“Researchers Confront an Epidemic of Loneliness,” screamed the NY Times headline over the weekend. An epidemic indeed. And yet the only people mentioned in the epidemic are the elderly, consigned to a life of birthdays without parties and days without talking to another soul. Indeed, if the article is to be believed, the elderly will also die alone.
Give me a break. Everybody dies alone.
I grant you that I will probably never call the Silver Hotline mentioned in the story just to speak to another human being, but neither will most older people I know. In fact, the loneliest people I know are young people, recently relocated to new cities, new jobs, new relationships, and first-time life experiences. Without dates, spouses, significant others, pets, or children, young people can be much more lonely than the elderly.
This is not to say older people are not lonely. But since I’ve had five marriages, producing five stepchildren and two birth children, and fostered three children who have themselves produced five grandchildren, I now find myself in the position of being a woman with too many grandchildren to count reliably, and not all that much “alone time.”
But even if you weren’t promiscuous with your affections in your youth, there are many available solutions for loneliness, and I believe that loneliness, like boredom, comes from within.
Once again, I draw upon my own solutions:
1) I rescue dogs, and that makes it important to get up in the morning and take them to a park to walk them. Other people with dogs are also in the park, and we’re a multi-generational group, defined more by the ages and breeds of our dogs than anything else. It’s incredible fun, and incredible bonding. Now we all go out to dinner.
2)Once a week, I take Pilates. I march my body out of the house to a studio in my neighborhood and groan along with ten other men and women laying on their Reformers hoping for the elusive Pilates body. We laugh at almost anything.
3)Three times a week I take yoga: each time at a different studio. Enter still more people who share my affinity for this 5000-year-old humbling practice. Yes, some of them are pretzels without arthritis, but I do it with my eyes closed.
4)And then I volunteer: I mentor young entrepreneurs, and lead a couple of entrepreneurship groups, where I’m mostly working with people thirty or forty years younger on problems that know no age limits.
5) I go to bars. Well, it’s not quite like that. I go out to eat at restaurants where you can eat at the bar, and I prefer to eat at the bar. I simply place my latest tech toy on the bar –Apple Watch, Google Glass, whatever — and wait for people to ask me about it.

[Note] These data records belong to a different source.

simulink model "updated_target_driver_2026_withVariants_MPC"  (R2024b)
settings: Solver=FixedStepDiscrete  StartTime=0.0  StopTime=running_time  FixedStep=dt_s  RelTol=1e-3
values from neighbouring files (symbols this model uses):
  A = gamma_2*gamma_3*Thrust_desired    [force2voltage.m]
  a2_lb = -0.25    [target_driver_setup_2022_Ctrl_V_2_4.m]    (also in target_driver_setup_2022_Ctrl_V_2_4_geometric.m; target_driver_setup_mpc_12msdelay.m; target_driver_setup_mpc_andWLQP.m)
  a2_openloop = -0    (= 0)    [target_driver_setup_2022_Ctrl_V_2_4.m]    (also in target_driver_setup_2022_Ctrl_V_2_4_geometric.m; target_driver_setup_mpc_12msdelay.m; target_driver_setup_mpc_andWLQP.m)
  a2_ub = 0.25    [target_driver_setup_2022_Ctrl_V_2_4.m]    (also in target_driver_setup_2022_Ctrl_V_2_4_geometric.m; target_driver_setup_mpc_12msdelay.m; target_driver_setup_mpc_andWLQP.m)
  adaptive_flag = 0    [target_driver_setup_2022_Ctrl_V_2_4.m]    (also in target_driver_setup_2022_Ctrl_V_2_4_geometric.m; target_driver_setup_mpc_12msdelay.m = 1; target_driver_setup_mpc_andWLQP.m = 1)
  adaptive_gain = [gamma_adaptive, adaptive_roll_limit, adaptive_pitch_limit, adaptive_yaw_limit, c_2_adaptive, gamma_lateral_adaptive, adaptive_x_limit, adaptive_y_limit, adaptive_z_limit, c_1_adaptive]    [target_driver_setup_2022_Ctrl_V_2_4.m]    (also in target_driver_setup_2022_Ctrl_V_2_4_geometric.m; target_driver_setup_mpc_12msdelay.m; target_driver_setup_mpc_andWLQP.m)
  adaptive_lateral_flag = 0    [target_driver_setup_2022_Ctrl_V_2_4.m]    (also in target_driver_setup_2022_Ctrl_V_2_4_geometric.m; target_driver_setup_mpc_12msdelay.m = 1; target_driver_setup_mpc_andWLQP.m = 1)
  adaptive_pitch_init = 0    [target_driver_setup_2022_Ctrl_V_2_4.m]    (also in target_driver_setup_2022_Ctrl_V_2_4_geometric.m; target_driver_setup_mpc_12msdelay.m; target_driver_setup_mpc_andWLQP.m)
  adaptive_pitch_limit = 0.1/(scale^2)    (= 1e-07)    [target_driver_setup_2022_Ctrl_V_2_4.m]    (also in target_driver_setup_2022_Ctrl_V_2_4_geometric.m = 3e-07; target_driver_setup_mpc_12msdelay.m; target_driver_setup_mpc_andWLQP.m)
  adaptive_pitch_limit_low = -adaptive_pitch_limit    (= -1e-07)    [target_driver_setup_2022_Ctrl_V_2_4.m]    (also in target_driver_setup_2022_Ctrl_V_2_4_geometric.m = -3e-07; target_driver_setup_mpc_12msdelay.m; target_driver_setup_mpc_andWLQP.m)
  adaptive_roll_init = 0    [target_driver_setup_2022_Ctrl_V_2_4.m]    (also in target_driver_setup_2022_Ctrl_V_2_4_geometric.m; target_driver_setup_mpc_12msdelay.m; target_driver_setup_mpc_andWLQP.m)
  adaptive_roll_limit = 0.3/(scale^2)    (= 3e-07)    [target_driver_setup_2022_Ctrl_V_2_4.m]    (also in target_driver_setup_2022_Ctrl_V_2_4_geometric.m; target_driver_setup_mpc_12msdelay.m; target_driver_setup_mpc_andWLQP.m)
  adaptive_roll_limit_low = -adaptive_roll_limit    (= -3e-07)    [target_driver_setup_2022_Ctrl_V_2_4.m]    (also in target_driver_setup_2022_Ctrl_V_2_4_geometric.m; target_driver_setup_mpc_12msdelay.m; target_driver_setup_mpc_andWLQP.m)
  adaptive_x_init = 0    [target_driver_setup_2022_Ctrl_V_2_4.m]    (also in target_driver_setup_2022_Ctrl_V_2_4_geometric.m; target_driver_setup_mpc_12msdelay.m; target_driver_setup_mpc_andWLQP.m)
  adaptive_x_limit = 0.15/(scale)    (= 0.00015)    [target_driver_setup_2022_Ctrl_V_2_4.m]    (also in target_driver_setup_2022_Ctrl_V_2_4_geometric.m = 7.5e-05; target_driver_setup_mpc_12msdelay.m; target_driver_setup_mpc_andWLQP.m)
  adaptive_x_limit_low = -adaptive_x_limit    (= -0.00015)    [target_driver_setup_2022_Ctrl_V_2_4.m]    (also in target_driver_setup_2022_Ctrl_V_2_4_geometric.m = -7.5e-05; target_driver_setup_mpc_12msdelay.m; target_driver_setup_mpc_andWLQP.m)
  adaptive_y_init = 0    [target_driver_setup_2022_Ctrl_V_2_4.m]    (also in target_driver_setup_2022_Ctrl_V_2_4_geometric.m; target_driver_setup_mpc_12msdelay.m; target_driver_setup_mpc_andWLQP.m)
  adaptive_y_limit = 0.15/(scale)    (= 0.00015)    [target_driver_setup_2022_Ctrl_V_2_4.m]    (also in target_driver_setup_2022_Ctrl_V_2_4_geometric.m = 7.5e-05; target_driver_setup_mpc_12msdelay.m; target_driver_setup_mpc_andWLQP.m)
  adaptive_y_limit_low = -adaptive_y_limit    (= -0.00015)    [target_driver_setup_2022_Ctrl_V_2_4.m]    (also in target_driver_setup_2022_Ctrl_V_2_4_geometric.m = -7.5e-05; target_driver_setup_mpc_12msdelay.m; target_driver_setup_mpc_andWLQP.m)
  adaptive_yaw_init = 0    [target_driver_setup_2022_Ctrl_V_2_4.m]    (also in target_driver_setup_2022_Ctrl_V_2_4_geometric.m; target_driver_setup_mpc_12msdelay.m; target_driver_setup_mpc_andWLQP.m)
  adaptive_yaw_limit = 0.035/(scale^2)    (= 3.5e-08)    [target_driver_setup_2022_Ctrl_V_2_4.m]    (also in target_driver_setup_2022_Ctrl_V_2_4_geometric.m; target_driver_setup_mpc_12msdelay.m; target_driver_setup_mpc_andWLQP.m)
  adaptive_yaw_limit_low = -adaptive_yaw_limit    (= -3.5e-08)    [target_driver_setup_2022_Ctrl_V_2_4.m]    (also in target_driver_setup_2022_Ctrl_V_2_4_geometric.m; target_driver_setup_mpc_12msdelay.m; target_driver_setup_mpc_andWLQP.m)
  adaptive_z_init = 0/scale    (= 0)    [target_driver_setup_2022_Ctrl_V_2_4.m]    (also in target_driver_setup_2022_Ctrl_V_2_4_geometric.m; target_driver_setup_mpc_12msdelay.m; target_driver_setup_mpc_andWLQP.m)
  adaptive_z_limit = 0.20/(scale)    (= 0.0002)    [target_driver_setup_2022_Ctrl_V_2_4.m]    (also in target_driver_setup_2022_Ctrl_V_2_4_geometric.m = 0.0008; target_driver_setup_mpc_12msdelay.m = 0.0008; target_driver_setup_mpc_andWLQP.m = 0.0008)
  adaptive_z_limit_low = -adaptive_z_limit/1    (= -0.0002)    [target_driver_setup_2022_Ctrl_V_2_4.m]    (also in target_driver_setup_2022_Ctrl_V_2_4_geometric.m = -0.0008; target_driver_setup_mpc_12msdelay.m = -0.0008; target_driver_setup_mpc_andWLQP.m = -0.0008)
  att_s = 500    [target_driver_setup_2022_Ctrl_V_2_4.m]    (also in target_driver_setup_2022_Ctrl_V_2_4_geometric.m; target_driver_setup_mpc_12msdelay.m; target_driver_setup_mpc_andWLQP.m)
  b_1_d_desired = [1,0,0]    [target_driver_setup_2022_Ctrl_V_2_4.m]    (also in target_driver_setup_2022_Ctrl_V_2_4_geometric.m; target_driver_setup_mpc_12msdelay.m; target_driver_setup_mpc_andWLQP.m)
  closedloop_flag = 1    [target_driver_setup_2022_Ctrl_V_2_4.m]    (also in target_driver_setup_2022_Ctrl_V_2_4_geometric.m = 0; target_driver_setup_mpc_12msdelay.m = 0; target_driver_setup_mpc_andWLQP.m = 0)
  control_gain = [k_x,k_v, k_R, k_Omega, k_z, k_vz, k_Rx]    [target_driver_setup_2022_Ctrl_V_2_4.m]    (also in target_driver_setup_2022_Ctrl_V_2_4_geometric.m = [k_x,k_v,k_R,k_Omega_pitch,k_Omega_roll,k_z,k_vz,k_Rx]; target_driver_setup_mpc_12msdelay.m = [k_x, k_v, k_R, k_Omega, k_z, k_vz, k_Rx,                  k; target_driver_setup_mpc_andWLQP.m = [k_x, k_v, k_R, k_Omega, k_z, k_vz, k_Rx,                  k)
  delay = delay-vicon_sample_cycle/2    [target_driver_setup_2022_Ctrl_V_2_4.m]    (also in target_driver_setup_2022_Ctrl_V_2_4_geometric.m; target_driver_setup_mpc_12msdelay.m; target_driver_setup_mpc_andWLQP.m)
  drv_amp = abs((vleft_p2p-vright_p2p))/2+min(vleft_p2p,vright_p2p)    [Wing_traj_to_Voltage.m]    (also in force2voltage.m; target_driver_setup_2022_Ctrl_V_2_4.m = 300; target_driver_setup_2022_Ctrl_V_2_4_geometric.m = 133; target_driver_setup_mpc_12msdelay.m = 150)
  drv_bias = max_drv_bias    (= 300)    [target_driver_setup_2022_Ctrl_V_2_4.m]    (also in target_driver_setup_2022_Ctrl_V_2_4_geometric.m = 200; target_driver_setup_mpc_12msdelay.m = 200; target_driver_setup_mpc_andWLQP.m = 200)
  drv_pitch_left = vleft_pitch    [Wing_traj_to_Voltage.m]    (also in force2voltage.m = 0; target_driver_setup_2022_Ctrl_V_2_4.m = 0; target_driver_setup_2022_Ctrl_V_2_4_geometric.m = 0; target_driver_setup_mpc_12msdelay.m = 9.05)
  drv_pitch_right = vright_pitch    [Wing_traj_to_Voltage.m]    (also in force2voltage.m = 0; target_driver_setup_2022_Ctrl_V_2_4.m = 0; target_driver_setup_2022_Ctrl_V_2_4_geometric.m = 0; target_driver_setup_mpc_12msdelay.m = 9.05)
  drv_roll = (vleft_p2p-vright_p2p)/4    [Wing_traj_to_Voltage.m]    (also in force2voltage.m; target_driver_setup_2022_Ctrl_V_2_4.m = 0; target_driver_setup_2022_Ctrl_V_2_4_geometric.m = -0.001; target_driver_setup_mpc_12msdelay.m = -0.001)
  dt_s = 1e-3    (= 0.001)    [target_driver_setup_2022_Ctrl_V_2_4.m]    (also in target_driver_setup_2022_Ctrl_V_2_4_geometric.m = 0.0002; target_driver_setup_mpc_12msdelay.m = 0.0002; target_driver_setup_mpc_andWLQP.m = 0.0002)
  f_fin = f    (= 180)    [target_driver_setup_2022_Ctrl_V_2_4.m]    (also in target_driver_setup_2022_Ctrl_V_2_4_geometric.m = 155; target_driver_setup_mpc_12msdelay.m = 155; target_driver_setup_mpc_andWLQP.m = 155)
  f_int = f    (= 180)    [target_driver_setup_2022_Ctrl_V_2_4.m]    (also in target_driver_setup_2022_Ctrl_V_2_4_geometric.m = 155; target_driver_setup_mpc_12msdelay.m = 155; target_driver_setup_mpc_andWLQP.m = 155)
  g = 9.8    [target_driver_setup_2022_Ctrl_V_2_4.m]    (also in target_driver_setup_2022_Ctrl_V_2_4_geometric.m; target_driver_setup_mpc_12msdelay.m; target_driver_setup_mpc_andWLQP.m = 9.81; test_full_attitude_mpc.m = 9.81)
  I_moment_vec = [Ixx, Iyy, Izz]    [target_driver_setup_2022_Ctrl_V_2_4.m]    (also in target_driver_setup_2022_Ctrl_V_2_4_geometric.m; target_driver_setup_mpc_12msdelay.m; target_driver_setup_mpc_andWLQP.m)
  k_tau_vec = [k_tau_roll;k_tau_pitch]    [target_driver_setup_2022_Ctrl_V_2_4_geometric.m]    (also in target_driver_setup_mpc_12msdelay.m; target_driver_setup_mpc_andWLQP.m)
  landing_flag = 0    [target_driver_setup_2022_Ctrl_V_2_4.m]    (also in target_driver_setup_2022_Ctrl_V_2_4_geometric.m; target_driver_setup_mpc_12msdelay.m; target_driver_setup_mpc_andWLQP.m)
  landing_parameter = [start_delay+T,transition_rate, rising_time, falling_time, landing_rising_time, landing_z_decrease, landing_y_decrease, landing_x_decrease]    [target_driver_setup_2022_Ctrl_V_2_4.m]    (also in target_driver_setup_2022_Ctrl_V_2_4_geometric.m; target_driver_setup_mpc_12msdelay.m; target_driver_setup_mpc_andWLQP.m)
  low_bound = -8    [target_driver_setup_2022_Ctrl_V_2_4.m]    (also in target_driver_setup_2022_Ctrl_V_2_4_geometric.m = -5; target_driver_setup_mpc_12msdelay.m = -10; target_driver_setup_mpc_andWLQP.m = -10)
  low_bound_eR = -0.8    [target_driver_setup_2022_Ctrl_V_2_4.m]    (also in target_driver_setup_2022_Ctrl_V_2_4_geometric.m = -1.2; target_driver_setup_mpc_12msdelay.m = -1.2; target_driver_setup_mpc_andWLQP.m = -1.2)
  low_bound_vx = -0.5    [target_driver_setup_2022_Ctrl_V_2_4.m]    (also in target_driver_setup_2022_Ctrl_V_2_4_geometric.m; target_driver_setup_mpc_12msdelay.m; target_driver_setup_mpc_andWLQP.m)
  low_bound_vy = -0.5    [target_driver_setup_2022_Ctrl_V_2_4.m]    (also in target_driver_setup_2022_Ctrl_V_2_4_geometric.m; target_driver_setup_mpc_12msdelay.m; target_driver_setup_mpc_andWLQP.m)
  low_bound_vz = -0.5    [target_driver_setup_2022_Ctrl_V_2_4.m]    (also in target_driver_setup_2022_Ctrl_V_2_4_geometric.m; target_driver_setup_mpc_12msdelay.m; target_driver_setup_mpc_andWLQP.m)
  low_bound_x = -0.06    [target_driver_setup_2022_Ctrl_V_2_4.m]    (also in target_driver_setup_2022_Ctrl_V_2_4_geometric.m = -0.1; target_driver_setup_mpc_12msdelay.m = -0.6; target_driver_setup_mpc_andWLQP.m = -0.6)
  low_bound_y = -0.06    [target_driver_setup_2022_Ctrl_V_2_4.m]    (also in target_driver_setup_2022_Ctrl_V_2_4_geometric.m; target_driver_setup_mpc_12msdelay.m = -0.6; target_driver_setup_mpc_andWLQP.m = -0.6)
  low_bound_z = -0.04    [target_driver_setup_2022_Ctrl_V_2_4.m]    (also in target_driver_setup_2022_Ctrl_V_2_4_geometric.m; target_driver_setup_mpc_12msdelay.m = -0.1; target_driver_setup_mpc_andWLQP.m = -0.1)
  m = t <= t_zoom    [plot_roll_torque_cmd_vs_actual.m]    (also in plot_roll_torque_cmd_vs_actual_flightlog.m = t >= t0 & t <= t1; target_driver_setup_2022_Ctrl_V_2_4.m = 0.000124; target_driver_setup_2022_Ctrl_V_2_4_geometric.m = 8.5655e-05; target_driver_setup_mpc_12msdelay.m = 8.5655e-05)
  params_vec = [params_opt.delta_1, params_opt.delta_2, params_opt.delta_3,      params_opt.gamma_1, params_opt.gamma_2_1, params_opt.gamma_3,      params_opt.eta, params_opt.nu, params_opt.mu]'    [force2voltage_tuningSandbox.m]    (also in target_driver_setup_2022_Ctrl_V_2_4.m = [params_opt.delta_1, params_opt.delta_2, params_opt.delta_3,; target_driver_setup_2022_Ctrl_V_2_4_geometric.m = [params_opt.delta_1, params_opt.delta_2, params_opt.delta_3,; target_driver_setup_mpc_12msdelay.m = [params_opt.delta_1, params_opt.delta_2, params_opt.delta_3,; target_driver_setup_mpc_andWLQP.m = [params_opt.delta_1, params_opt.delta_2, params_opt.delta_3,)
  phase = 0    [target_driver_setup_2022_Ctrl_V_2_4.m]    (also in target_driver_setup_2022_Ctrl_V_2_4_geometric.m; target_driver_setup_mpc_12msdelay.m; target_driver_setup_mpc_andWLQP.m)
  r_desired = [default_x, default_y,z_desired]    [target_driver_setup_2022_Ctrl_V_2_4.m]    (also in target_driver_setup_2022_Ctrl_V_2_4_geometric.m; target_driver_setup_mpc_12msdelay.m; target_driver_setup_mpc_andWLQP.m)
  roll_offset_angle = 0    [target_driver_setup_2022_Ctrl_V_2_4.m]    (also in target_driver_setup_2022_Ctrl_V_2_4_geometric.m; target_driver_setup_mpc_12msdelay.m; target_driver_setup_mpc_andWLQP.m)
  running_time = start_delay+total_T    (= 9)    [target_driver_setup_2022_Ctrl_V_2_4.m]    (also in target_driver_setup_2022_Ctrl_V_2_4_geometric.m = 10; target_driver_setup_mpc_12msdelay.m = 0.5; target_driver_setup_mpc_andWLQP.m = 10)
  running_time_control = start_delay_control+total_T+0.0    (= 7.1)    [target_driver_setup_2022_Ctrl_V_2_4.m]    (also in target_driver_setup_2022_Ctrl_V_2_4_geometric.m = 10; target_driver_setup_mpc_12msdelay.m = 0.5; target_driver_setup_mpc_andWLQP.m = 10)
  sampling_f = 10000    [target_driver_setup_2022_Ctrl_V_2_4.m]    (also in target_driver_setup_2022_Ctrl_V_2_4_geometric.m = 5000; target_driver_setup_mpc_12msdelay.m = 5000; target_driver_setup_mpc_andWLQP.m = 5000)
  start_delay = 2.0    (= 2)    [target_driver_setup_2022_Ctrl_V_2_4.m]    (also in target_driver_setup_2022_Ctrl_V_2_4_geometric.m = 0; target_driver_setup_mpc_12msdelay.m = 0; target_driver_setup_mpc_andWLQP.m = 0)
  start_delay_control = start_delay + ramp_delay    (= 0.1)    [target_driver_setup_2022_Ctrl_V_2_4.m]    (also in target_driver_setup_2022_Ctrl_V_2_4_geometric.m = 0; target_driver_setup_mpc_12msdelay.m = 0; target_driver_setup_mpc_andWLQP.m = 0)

5)Last, but not least, I spend inordinate amounts of time talking to strangers and acquaintances in far-flung places on Facebook, Twitter, Instagram and Snapchat. I also answer the occasional LinkedIn email.
Oops, I forgot to mention travel. Sometimes I actually meet the people I’ve already “met” on social media.
Bottom line: there’s no excuse for loneliness. It falls to the individual to involve herself (and the majority of elderly are women, because my husband told me the men had the good sense to die first) in things that are fun, fulfilling, and even educational. I wish researchers would quit studying things with existing remedies and redouble their efforts on the difficult problems.